After a stretch of decline from the massive peaks of the post-pandemic era, dealership profitability has not just recovered, it has blossomed.
Franchised dealerships saw average net pretax profit climb an impressive 27.1 percent year over year in Q2 according to the latest Presidio-NCM Average Dealership Performance Benchmark report. Two key factors drove this surge: the rush of consumers buying new vehicles ahead of impending tariff hikes and easier year-over-year comparisons, thanks to the 2024 CDK Global outage, which significantly disrupted dealership operations.
“Second-quarter results highlight the adaptability and underlying strength of franchised dealerships,” said George Karolis, president of The Presidio Group. “We are seeing a continued redefinition of what normal profitability looks like for dealers.”
The Presidio-NCM Average Dealership Performance Benchmark is based on the financial data of more than 4,000 U.S. franchised dealerships. It includes dealerships of all brands and sizes offering a wide-ranging look at industry performance.
A Strong Quarter Across the Board
Revenue at the average dealership rose 8 percent year-over-year to $22 million in Q2, driven by a combination of increased new-vehicle and used-vehicle sales. New-car sales surged 8.3 percent, while used cars saw a 3.7 percent uptick. Both categories benefited from heightened demand influenced by the Trump administration’s tariff announcement, which spurred consumers to make purchases ahead of expected price hikes.
Over the past few months, tariff policy changes have emerged as a double-edged sword for the industry. While the pre-tariff rush led to a significant sales boost in Q2, uncertainty about future tariff policies looms large over the second half of the year.

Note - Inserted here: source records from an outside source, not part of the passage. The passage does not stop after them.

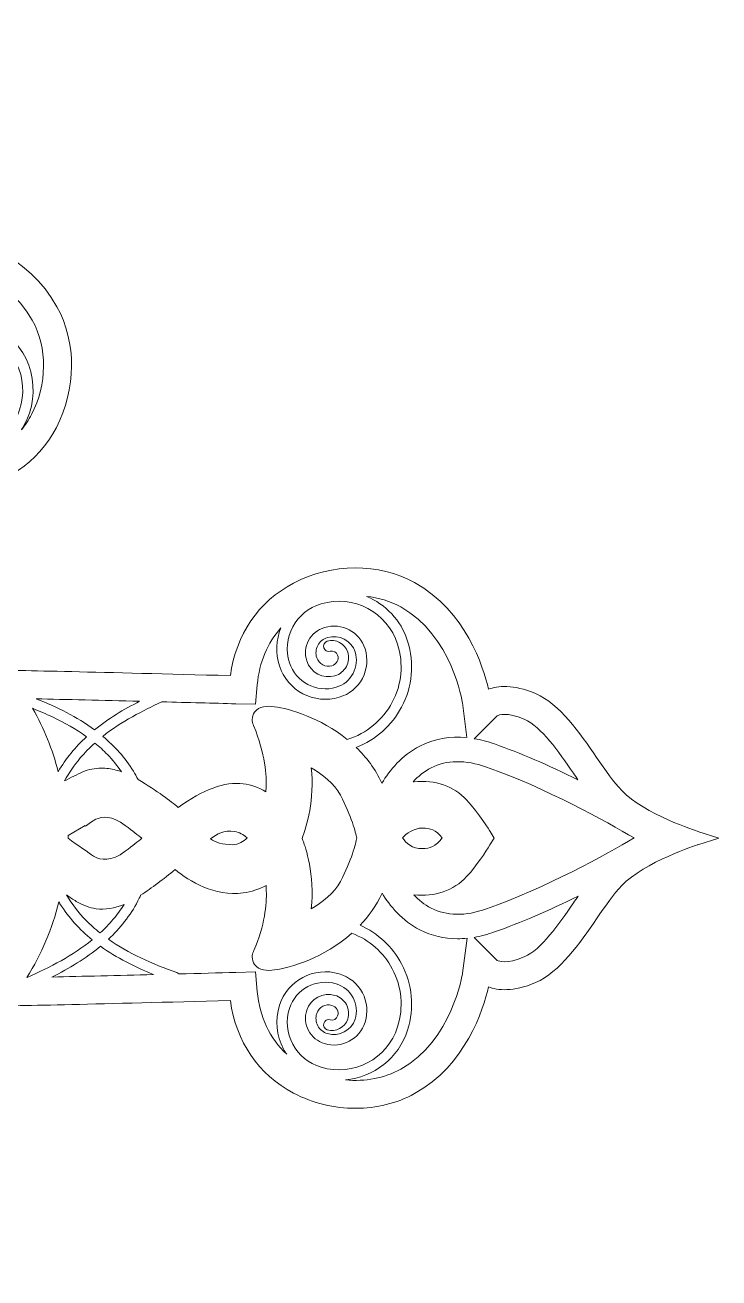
# Model space of a CAD drawing. Header units: millimetres. Extents: x -220 to 1461, y 255 to 578.
# Drawn here: x 501.1 to 599.3, y 386 to 563.1 of the extents above; entities that cross this region are included whole.
import ezdxf

# ---------------------------------------------------------------- set-up
doc = ezdxf.new("R2010")
doc.units = ezdxf.units.MM
doc.header["$MEASUREMENT"] = 0
doc.layers.add('Layer 4', color=7, linetype='Continuous')

msp = doc.modelspace()

# ---------------------------------------------------------------- linework, layer by layer
at = {"layer": 'Layer 4', "lineweight": 0}
for points, knots in [([(596.3, 449.12), (596.22, 449.14), (588.7, 451.55), (585.51, 454.9), (584.39, 456.07), (583.22, 457.77), (581.97, 459.57), (579.54, 463.1), (576.78, 467.1), (573.33, 468.6), (570.15, 469.98), (567.96, 469.7), (566.67, 469.22), (565.95, 472.42), (563.49, 480.26), (556.21, 484.31), (551.19, 487.09), (544.49, 487.06), (539.12, 484.23), (534.12, 481.6), (530.97, 476.97), (530.17, 471.14), (511.72, 471.63), (500.25, 471.9), (495.91, 471.93), (495.01, 472.93), (494.05, 473.87), (493.04, 474.77), (492.91, 480.5), (492.72, 488), (492.47, 497.28), (498.3, 498.08), (502.93, 501.23), (505.56, 506.23), (508.39, 511.59), (508.42, 518.3), (505.64, 523.31), (501.59, 530.6), (493.75, 533.06), (490.55, 533.78), (491.03, 535.07), (491.31, 537.26), (489.93, 540.44), (488.43, 543.89), (484.43, 546.65), (480.9, 549.08), (479.1, 550.32), (477.4, 551.49), (476.23, 552.61), (472.88, 555.81), (469.57, 563.13), (469.57, 563.13), (469.57, 563.13), (466.26, 555.81), (462.92, 552.61), (461.74, 551.49), (460.04, 550.32), (458.24, 549.08), (454.71, 546.65), (450.71, 543.89), (449.22, 540.44), (447.84, 537.26), (448.11, 535.07), (448.59, 533.78), (445.39, 533.06), (437.56, 530.6), (433.51, 523.31), (430.72, 518.3), (430.75, 511.59), (433.58, 506.23), (436.22, 501.23), (440.84, 498.08), (446.67, 497.28), (446.43, 488), (446.24, 480.49), (446.1, 474.77), (445.09, 473.87), (444.13, 472.93), (443.23, 471.93), (438.9, 471.9), (427.43, 471.63), (408.97, 471.14), (408.17, 476.97), (405.02, 481.6), (400.02, 484.23), (394.66, 487.06), (387.95, 487.09), (382.93, 484.31), (375.65, 480.26), (373.19, 472.42), (372.47, 469.22), (371.18, 469.7), (368.99, 469.98), (365.81, 468.6), (362.36, 467.1), (359.6, 463.1), (357.17, 459.57), (355.93, 457.77), (354.76, 456.07), (353.63, 454.9), (350.44, 451.55), (342.92, 449.14), (342.85, 449.12), (342.85, 449.12), (339.88, 448.17), (339.88, 448.17), (339.88, 448.17), (342.85, 447.23), (342.85, 447.23), (342.92, 447.21), (350.44, 444.8), (353.63, 441.45), (354.76, 440.28), (355.93, 438.58), (357.17, 436.78), (359.6, 433.25), (362.36, 429.25), (365.81, 427.75), (368.99, 426.37), (371.18, 426.65), (372.47, 427.13), (373.19, 423.93), (375.65, 416.09), (382.93, 412.04), (385.42, 410.66), (388.32, 409.97), (391.27, 409.97), (394.27, 409.97), (397.31, 410.69), (400.02, 412.11), (405.02, 414.75), (408.17, 419.38), (408.97, 425.21), (427.44, 424.71), (438.9, 424.45), (443.24, 424.42), (444.21, 423.34), (445.25, 422.32), (446.35, 421.37), (446.42, 414.11), (446.47, 407.4), (446.51, 402.83), (446.51, 402.83), (446.55, 402.83), (446.55, 402.83), (446.58, 386.22), (446.6, 368.58), (446.52, 367.64), (446.52, 367.7), (446.53, 367.74), (446.54, 367.76), (446.38, 367.13), (446.43, 347.89), (446.5, 331.46), (440.41, 330.64), (435.58, 327.35), (432.82, 322.13), (430.07, 316.91), (430, 310.45), (432.65, 305.68), (436.7, 298.39), (444.54, 295.93), (447.74, 295.21), (447.26, 293.92), (446.98, 291.73), (448.36, 288.55), (449.86, 285.1), (453.86, 282.34), (457.39, 279.91), (459.19, 278.67), (460.89, 277.5), (462.06, 276.37), (465.41, 273.18), (469.51, 263.27), (469.51, 263.27), (469.51, 263.27), (473.73, 273.18), (477.08, 276.37), (478.25, 277.5), (479.96, 278.67), (481.76, 279.91), (485.29, 282.34), (489.29, 285.1), (490.78, 288.55), (492.16, 291.73), (491.89, 293.92), (491.4, 295.21), (494.6, 295.93), (502.44, 298.39), (506.49, 305.68), (509.14, 310.45), (509.07, 316.91), (506.32, 322.13), (503.57, 327.35), (498.73, 330.64), (492.64, 331.46), (492.71, 347.89), (492.76, 367.13), (492.61, 367.76), (492.61, 367.74), (492.62, 367.7), (492.63, 367.64), (492.55, 368.58), (492.56, 386.22), (492.59, 402.83), (492.59, 402.83), (492.64, 402.83), (492.64, 402.83), (492.67, 407.4), (492.73, 414.11), (492.79, 421.37), (493.89, 422.32), (494.93, 423.34), (495.91, 424.42), (500.24, 424.45), (511.71, 424.71), (530.17, 425.21), (530.97, 419.38), (534.12, 414.75), (539.12, 412.11), (541.83, 410.69), (544.88, 409.97), (547.88, 409.97), (550.82, 409.97), (553.72, 410.66), (556.21, 412.04), (563.49, 416.09), (565.95, 423.93), (566.67, 427.13), (567.96, 426.65), (570.15, 426.37), (573.33, 427.75), (576.78, 429.25), (579.54, 433.25), (581.97, 436.78), (583.22, 438.58), (584.39, 440.28), (585.51, 441.45), (588.7, 444.8), (596.22, 447.21), (596.3, 447.23), (596.3, 447.23), (599.27, 448.17), (599.27, 448.17), (599.27, 448.17), (596.3, 449.12), (596.3, 449.12)], [0, 0, 0, 0, 1, 1, 1, 2, 2, 2, 3, 3, 3, 4, 4, 4, 5, 5, 5, 6, 6, 6, 7, 7, 7, 8, 8, 8, 9, 9, 9, 10, 10, 10, 11, 11, 11, 12, 12, 12, 13, 13, 13, 14, 14, 14, 15, 15, 15, 16, 16, 16, 17, 17, 17, 18, 18, 18, 19, 19, 19, 20, 20, 20, 21, 21, 21, 22, 22, 22, 23, 23, 23, 24, 24, 24, 25, 25, 25, 26, 26, 26, 27, 27, 27, 28, 28, 28, 29, 29, 29, 30, 30, 30, 31, 31, 31, 32, 32, 32, 33, 33, 33, 34, 34, 34, 35, 35, 35, 36, 36, 36, 37, 37, 37, 38, 38, 38, 39, 39, 39, 40, 40, 40, 41, 41, 41, 42, 42, 42, 43, 43, 43, 44, 44, 44, 45, 45, 45, 46, 46, 46, 47, 47, 47, 48, 48, 48, 49, 49, 49, 50, 50, 50, 51, 51, 51, 52, 52, 52, 53, 53, 53, 54, 54, 54, 55, 55, 55, 56, 56, 56, 57, 57, 57, 58, 58, 58, 59, 59, 59, 60, 60, 60, 61, 61, 61, 62, 62, 62, 63, 63, 63, 64, 64, 64, 65, 65, 65, 66, 66, 66, 67, 67, 67, 68, 68, 68, 69, 69, 69, 70, 70, 70, 71, 71, 71, 72, 72, 72, 73, 73, 73, 74, 74, 74, 75, 75, 75, 76, 76, 76, 77, 77, 77, 78, 78, 78, 79, 79, 79, 80, 80, 80, 81, 81, 81, 82, 82, 82, 82]), ([(488.59, 530.13), (488.68, 530.12), (498.13, 528.65), (502.16, 521.4), (504.31, 517.52), (504.27, 512.29), (502.04, 508.07), (501.63, 507.29), (501.15, 506.56), (500.61, 505.9), (500.72, 506.06), (500.83, 506.23), (500.93, 506.4), (503.69, 511.23), (502.07, 517.45), (497.31, 520.26), (495.4, 521.38), (493.28, 521.96), (491.13, 521.96), (490.09, 521.96), (489.04, 521.82), (488, 521.55), (486.49, 521.15), (485.1, 520.47), (483.87, 519.57), (482.35, 521.61), (480.33, 523.52), (477.7, 524.86), (479.65, 525.92), (481.68, 527.51), (482.85, 529.84), (483.02, 530.17), (483.16, 530.51), (483.29, 530.85), (483.29, 530.85), (488.59, 530.13), (488.59, 530.13)], [0, 0, 0, 0, 1, 1, 1, 2, 2, 2, 3, 3, 3, 4, 4, 4, 5, 5, 5, 6, 6, 6, 7, 7, 7, 8, 8, 8, 9, 9, 9, 10, 10, 10, 11, 11, 11, 12, 12, 12, 12]), ([(495.56, 503.99), (493.85, 503.53), (492.06, 503.78), (490.53, 504.68), (489.15, 505.5), (488.28, 506.86), (488.03, 508.35), (488.12, 508.84), (488.08, 509.38), (488.01, 509.93), (488.01, 509.95), (488.01, 509.98), (488, 510), (488.09, 510.65), (488.31, 511.3), (488.65, 511.9), (489.19, 512.85), (490.06, 513.52), (491.1, 513.79), (492.13, 514.06), (493.2, 513.92), (494.12, 513.37), (495.58, 512.51), (496.07, 510.6), (495.22, 509.12), (494.91, 508.58), (494.41, 508.19), (493.82, 508.03), (493.23, 507.88), (492.62, 507.96), (492.09, 508.27), (491.28, 508.75), (491.01, 509.81), (491.48, 510.63), (491.64, 510.92), (491.9, 511.12), (492.22, 511.2), (492.52, 511.28), (492.84, 511.24), (493.12, 511.08), (493.51, 510.85), (493.64, 510.33), (493.41, 509.93), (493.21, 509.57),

“Tariffs are a structural adjustment for retailers who must now navigate a new pricing dynamic as their manufacturers alter strategies for their brands,” said Kevin Tynan, Presidio’s director of research.
However, the threat of tariffs has not yet had any real negative impact on dealerships. Gross profits for new vehicles increased by 6.1 percent quarter over quarter to reach $2,128 per unit, marking the first improvement in this metric in years. Similarly, used-vehicle gross profits rose 10.7 percent year over year to $1,567. Finance-and-insurance (F&I) income also grew 5.6 percent year-over-year, while fixed operations, encompassing parts and service, posted a solid 6.2 percent gross profit increase.
Performance by Brand Segment
For the first time since profitability peaked during the early stages of the COVID-19 pandemic, all three major brand segments—luxury, import, and domestic—posted year-over-year increases in average pretax profit.
- Import brands led the surge with a 33.9 percent year-over-year gain, buoyed by stronger market performance and heightened consumer demand due to incoming tariffs.
- Luxury brands saw a 31.7 percent profit increase, partly driven by higher F&I margins and stable vehicle pricing.
- Domestic brands finally rebounded after three years of declines, achieving a 23.5 percent improvement in pretax profit as operational discipline and tariff-related sales gains took hold, just to a slightly lesser extent that the import brands.
While these figures reflect positive momentum, Karolis cautions against universal optimism.
“It’s important to remember not all stores are participating equally in this rebound,” said Karolis. “Brand strength and geographic factors continue to be key differentiators driving operational performance and dealership values.”
The Path Forward
With all dealership segments showing robust gains, the rollercoaster that has been 2025 continues. Dealers were optimistic to start the year then pessimistic following the announcement of import tariffs and now it appears the truth has landed somewhere in the middle. At least for now. If 2025 has taught us anything it’s that we never really know what the future holds. However, the report notes that a good way to help sustain this tailwind is to focus on proactive management.
“To keep their gains going, dealers should double down on operational discipline — closely managing expenses, optimizing inventory and staying responsive to shifts in consumer demand,” said Paul Faletti, CEO of NCM Associates. “Sustained profitability will come from a focus on fundamentals and a willingness to adapt as market conditions continue to evolve.”